Data to process -

- - - -

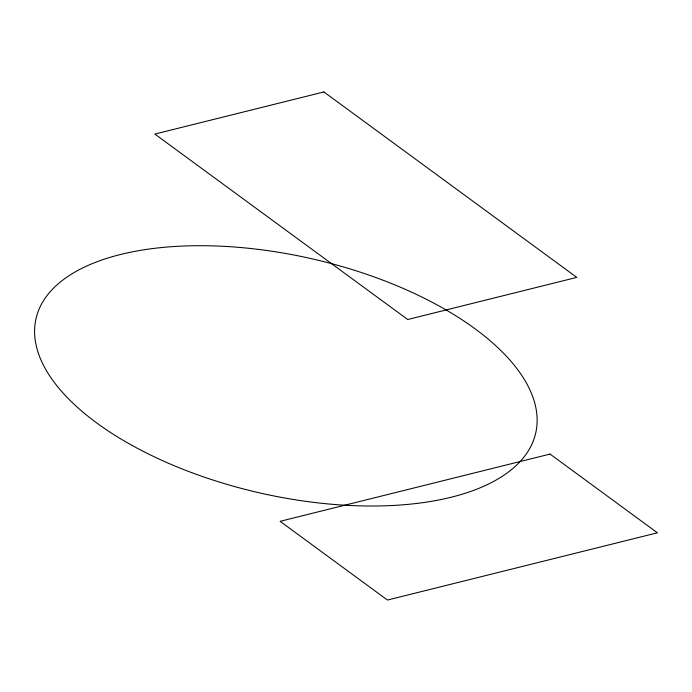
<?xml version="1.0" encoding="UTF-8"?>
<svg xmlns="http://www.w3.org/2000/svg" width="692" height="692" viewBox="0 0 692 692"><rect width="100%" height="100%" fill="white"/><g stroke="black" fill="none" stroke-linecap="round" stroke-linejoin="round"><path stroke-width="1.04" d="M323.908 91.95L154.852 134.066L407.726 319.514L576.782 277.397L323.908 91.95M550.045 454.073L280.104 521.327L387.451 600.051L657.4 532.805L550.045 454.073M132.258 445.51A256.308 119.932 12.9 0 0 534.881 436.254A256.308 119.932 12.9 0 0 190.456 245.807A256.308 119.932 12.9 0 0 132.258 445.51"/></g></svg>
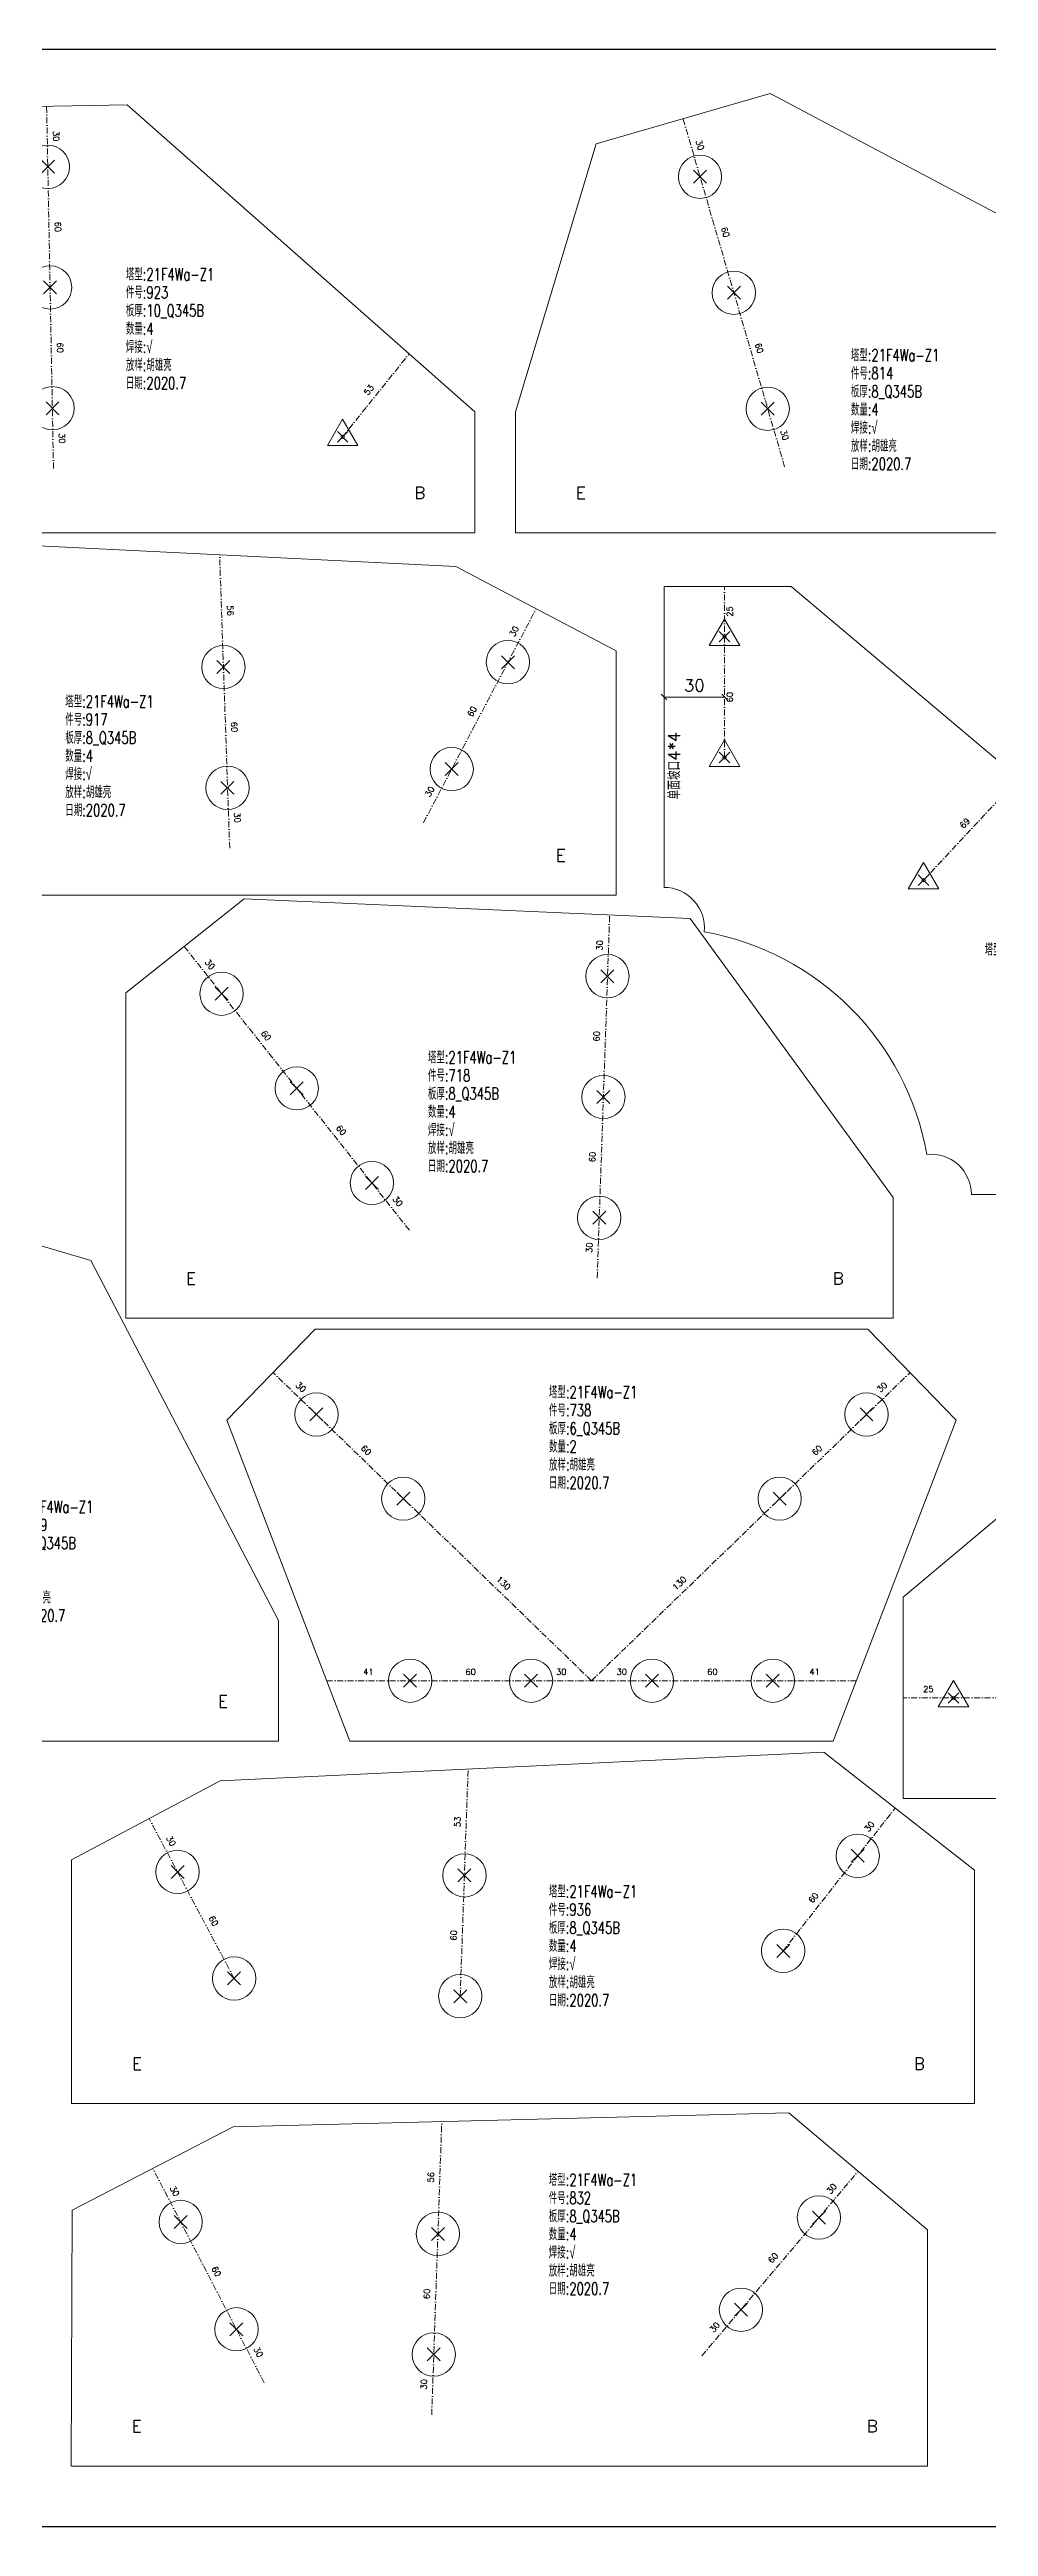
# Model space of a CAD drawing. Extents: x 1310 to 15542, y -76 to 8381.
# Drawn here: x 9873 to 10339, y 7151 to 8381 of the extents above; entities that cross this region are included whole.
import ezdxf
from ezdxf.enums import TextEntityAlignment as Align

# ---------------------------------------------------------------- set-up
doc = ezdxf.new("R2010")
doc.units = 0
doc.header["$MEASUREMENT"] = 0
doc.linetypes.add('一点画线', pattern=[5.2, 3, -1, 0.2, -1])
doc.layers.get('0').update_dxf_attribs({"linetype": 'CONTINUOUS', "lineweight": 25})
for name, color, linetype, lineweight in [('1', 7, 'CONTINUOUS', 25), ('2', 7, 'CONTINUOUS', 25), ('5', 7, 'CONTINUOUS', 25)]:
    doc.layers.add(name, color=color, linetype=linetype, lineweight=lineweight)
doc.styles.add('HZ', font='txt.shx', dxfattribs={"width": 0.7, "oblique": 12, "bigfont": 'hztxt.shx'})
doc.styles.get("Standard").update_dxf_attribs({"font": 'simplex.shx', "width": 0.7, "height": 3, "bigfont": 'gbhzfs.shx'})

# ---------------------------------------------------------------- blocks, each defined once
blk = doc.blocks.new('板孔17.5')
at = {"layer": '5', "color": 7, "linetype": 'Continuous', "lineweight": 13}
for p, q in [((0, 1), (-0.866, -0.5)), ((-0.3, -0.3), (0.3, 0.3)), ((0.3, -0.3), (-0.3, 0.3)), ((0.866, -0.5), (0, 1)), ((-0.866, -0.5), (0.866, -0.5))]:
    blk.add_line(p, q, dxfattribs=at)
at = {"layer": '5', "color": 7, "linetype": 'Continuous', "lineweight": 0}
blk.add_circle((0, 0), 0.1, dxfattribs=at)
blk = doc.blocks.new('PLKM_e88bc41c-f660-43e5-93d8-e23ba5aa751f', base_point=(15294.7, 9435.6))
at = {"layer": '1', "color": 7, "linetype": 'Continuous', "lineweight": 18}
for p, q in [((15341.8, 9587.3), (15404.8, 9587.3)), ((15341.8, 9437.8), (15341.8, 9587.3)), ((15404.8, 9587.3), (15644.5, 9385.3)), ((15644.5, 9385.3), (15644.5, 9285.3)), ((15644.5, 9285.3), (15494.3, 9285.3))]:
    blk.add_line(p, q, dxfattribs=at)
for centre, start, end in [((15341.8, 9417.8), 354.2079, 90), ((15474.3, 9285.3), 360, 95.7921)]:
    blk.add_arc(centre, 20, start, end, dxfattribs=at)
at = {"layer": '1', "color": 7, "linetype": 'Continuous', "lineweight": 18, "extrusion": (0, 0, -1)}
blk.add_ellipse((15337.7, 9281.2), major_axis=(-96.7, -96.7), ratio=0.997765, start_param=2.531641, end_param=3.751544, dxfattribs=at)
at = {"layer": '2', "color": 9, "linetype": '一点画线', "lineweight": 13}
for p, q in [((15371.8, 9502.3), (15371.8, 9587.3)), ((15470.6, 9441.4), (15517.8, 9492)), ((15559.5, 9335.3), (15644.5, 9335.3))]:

- - - -

About this exercise -
Proceeding from the line containing "# Model space" through the line containing "for name, color, linetype, lineweight", transcribe the lines above exactly, both end lines included.

Response to the exercise -
# Model space of a CAD drawing. Extents: x 1310 to 15542, y -76 to 8381.
# Drawn here: x 9873 to 10339, y 7151 to 8381 of the extents above; entities that cross this region are included whole.
import ezdxf
from ezdxf.enums import TextEntityAlignment as Align

# ---------------------------------------------------------------- set-up
doc = ezdxf.new("R2010")
doc.units = 0
doc.header["$MEASUREMENT"] = 0
doc.linetypes.add('一点画线', pattern=[5.2, 3, -1, 0.2, -1])
doc.layers.get('0').update_dxf_attribs({"linetype": 'CONTINUOUS', "lineweight": 25})
for name, color, linetype, lineweight in [('1', 7, 'CONTINUOUS', 25), ('2', 7, 'CONTINUOUS', 25), ('5', 7, 'CONTINUOUS', 25)]:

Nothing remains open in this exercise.